BEGIN

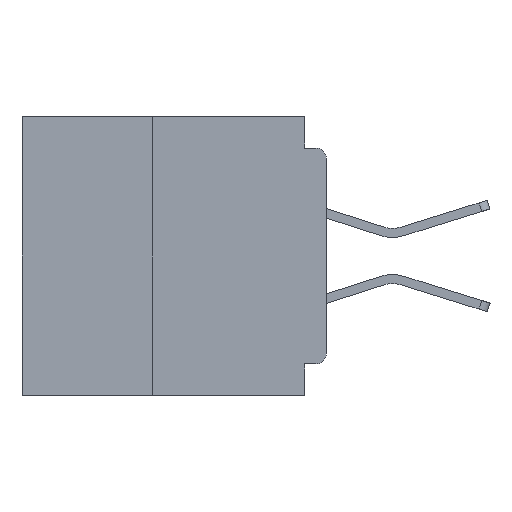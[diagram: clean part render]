
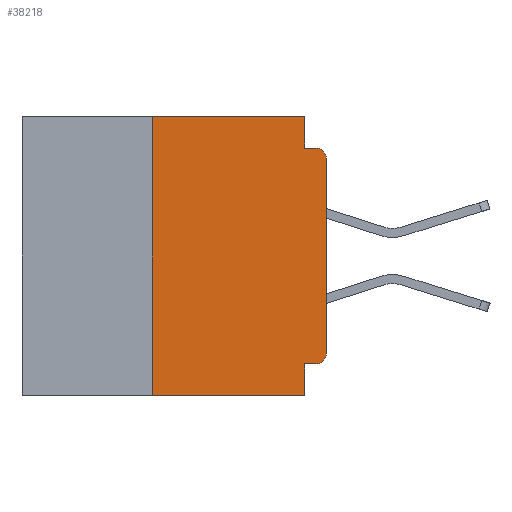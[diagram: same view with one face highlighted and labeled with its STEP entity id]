
A CAD part, left-side view. The second image highlights one B-rep face of the part: STEP entity #38218.
In plain terms, the highlighted planar face has unit normal (-1, 0, 0).
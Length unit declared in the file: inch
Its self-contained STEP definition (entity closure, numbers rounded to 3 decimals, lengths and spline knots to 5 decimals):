
#1483 = CARTESIAN_POINT ( 'NONE',  ( 0., 0.031, -0.4 ) ) ;
#2572 = VERTEX_POINT ( 'NONE', #8033 ) ;
#3109 = VERTEX_POINT ( 'NONE', #23165 ) ;
#3183 = CARTESIAN_POINT ( 'NONE',  ( 0., 0., -0.34 ) ) ;
#5127 = CARTESIAN_POINT ( 'NONE',  ( 0., 0.437, -0.4 ) ) ;
#5392 = ORIENTED_EDGE ( 'NONE', *, *, #36081, .F. ) ;
#6287 = ORIENTED_EDGE ( 'NONE', *, *, #50166, .T. ) ;
#8033 = CARTESIAN_POINT ( 'NONE',  ( 0., 0.25, 0. ) ) ;
#8381 = CARTESIAN_POINT ( 'NONE',  ( 0., 0., 0. ) ) ;
#8868 = CARTESIAN_POINT ( 'NONE',  ( 0., 0.031, -0.4 ) ) ;
#9808 = CARTESIAN_POINT ( 'NONE',  ( 0., 0., -0.06 ) ) ;
#9880 = DIRECTION ( 'NONE',  ( 0., -1., 0. ) ) ;
#10225 = CARTESIAN_POINT ( 'NONE',  ( 0., 0.015, -0.34 ) ) ;
#10404 = CARTESIAN_POINT ( 'NONE',  ( 0., 0., -0.045 ) ) ;
#10513 = EDGE_CURVE ( 'NONE', #3109, #2572, #18594, .T. ) ;
#10626 = VERTEX_POINT ( 'NONE', #14935 ) ;
#11082 = DIRECTION ( 'NONE',  ( 1., 0., 0. ) ) ;
#11969 = EDGE_CURVE ( 'NONE', #12780, #30915, #47042, .T. ) ;
#12597 = EDGE_CURVE ( 'NONE', #43778, #10626, #47690, .T. ) ;
#12780 = VERTEX_POINT ( 'NONE', #15142 ) ;
#14926 = DIRECTION ( 'NONE',  ( 0., 0., -1. ) ) ;
#14935 = CARTESIAN_POINT ( 'NONE',  ( 0., 0.031, -0.355 ) ) ;
#15003 = DIRECTION ( 'NONE',  ( 0., 0., -1. ) ) ;
#15142 = CARTESIAN_POINT ( 'NONE',  ( 0., 0.031, 0. ) ) ;
#16071 = LINE ( 'NONE', #37559, #25731 ) ;
#17902 = DIRECTION ( 'NONE',  ( 0., 0., 1. ) ) ;
#18594 = LINE ( 'NONE', #31957, #40740 ) ;
#18759 = ORIENTED_EDGE ( 'NONE', *, *, #25438, .F. ) ;
#18805 = DIRECTION ( 'NONE',  ( 0., -1., 0. ) ) ;
#20873 = LINE ( 'NONE', #5127, #42943 ) ;
#21003 = DIRECTION ( 'NONE',  ( -1., 0., 0. ) ) ;
#21397 = VECTOR ( 'NONE', #17902, 39.37008 ) ;
#22883 = ORIENTED_EDGE ( 'NONE', *, *, #12597, .F. ) ;
#23116 = DIRECTION ( 'NONE',  ( 0., 0., -1. ) ) ;
#23165 = CARTESIAN_POINT ( 'NONE',  ( 0., 0.25, -0.4 ) ) ;
#24122 = ORIENTED_EDGE ( 'NONE', *, *, #55470, .F. ) ;
#24262 = CIRCLE ( 'NONE', #42469, 0.015 ) ;
#24870 = ORIENTED_EDGE ( 'NONE', *, *, #54717, .T. ) ;
#24930 = ORIENTED_EDGE ( 'NONE', *, *, #10513, .F. ) ;
#25272 = VECTOR ( 'NONE', #23116, 39.37008 ) ;
#25438 = EDGE_CURVE ( 'NONE', #2572, #12780, #16071, .T. ) ;
#25731 = VECTOR ( 'NONE', #18805, 39.37008 ) ;
#26766 = EDGE_CURVE ( 'NONE', #43778, #42570, #58928, .T. ) ;
#27492 = VERTEX_POINT ( 'NONE', #1483 ) ;
#28617 = VERTEX_POINT ( 'NONE', #9808 ) ;
#29441 = DIRECTION ( 'NONE',  ( 0., -1., 0. ) ) ;
#29922 = CARTESIAN_POINT ( 'NONE',  ( 0., 0.015, -0.045 ) ) ;
#30915 = VERTEX_POINT ( 'NONE', #37532 ) ;
#31955 = DIRECTION ( 'NONE',  ( 0., 1., 0. ) ) ;
#31957 = CARTESIAN_POINT ( 'NONE',  ( 0., 0.25, -0.4 ) ) ;
#35317 = VECTOR ( 'NONE', #31955, 39.37008 ) ;
#36081 = EDGE_CURVE ( 'NONE', #10626, #27492, #37755, .T. ) ;
#37532 = CARTESIAN_POINT ( 'NONE',  ( 0., 0.031, -0.045 ) ) ;
#37559 = CARTESIAN_POINT ( 'NONE',  ( 0., 0.437, 0. ) ) ;
#37713 = LINE ( 'NONE', #10404, #48637 ) ;
#37755 = LINE ( 'NONE', #8868, #25272 ) ;
#38218 = ADVANCED_FACE ( 'NONE', ( #50068 ), #43834, .F. ) ;
#40740 = VECTOR ( 'NONE', #50882, 39.37008 ) ;
#42469 = AXIS2_PLACEMENT_3D ( 'NONE', #49071, #21003, #53754 ) ;
#42570 = VERTEX_POINT ( 'NONE', #3183 ) ;
#42943 = VECTOR ( 'NONE', #9880, 39.37008 ) ;
#43180 = DIRECTION ( 'NONE',  ( -1., 0., 0. ) ) ;
#43245 = CARTESIAN_POINT ( 'NONE',  ( 0., 0.031, 0. ) ) ;
#43733 = EDGE_CURVE ( 'NONE', #28617, #51782, #24262, .T. ) ;
#43778 = VERTEX_POINT ( 'NONE', #49266 ) ;
#43834 = PLANE ( 'NONE',  #55075 ) ;
#44031 = DIRECTION ( 'NONE',  ( 0., 0., -1. ) ) ;
#44780 = ORIENTED_EDGE ( 'NONE', *, *, #26766, .T. ) ;
#47042 = LINE ( 'NONE', #43245, #48510 ) ;
#47690 = LINE ( 'NONE', #59776, #35317 ) ;
#48468 = CARTESIAN_POINT ( 'NONE',  ( 0., 0.437, 0. ) ) ;
#48510 = VECTOR ( 'NONE', #15003, 39.37008 ) ;
#48576 = EDGE_LOOP ( 'NONE', ( #6287, #49984, #24122, #58944, #18759, #24930, #24870, #5392, #22883, #44780 ) ) ;
#48637 = VECTOR ( 'NONE', #29441, 39.37008 ) ;
#49071 = CARTESIAN_POINT ( 'NONE',  ( 0., 0.015, -0.06 ) ) ;
#49266 = CARTESIAN_POINT ( 'NONE',  ( 0., 0.015, -0.355 ) ) ;
#49984 = ORIENTED_EDGE ( 'NONE', *, *, #43733, .T. ) ;
#50068 = FACE_OUTER_BOUND ( 'NONE', #48576, .T. ) ;
#50166 = EDGE_CURVE ( 'NONE', #42570, #28617, #58684, .T. ) ;
#50882 = DIRECTION ( 'NONE',  ( 0., 0., 1. ) ) ;
#51782 = VERTEX_POINT ( 'NONE', #29922 ) ;
#52620 = AXIS2_PLACEMENT_3D ( 'NONE', #10225, #43180, #14926 ) ;
#53754 = DIRECTION ( 'NONE',  ( 0., 0., -1. ) ) ;
#54717 = EDGE_CURVE ( 'NONE', #3109, #27492, #20873, .T. ) ;
#55075 = AXIS2_PLACEMENT_3D ( 'NONE', #48468, #11082, #44031 ) ;
#55470 = EDGE_CURVE ( 'NONE', #30915, #51782, #37713, .T. ) ;
#58684 = LINE ( 'NONE', #8381, #21397 ) ;
#58928 = CIRCLE ( 'NONE', #52620, 0.015 ) ;
#58944 = ORIENTED_EDGE ( 'NONE', *, *, #11969, .F. ) ;
#59776 = CARTESIAN_POINT ( 'NONE',  ( 0., 0., -0.355 ) ) ;

END

- [Exercise prompt]
Word for word, restate the line with "#58684 = LINE ( 'NONE', #8381, #21397 ) ;" and all remaining lines of the material, stopping only at the final line.

- [Response to this task]
#58684 = LINE ( 'NONE', #8381, #21397 ) ;
#58928 = CIRCLE ( 'NONE', #52620, 0.015 ) ;
#58944 = ORIENTED_EDGE ( 'NONE', *, *, #11969, .F. ) ;
#59776 = CARTESIAN_POINT ( 'NONE',  ( 0., 0., -0.355 ) ) ;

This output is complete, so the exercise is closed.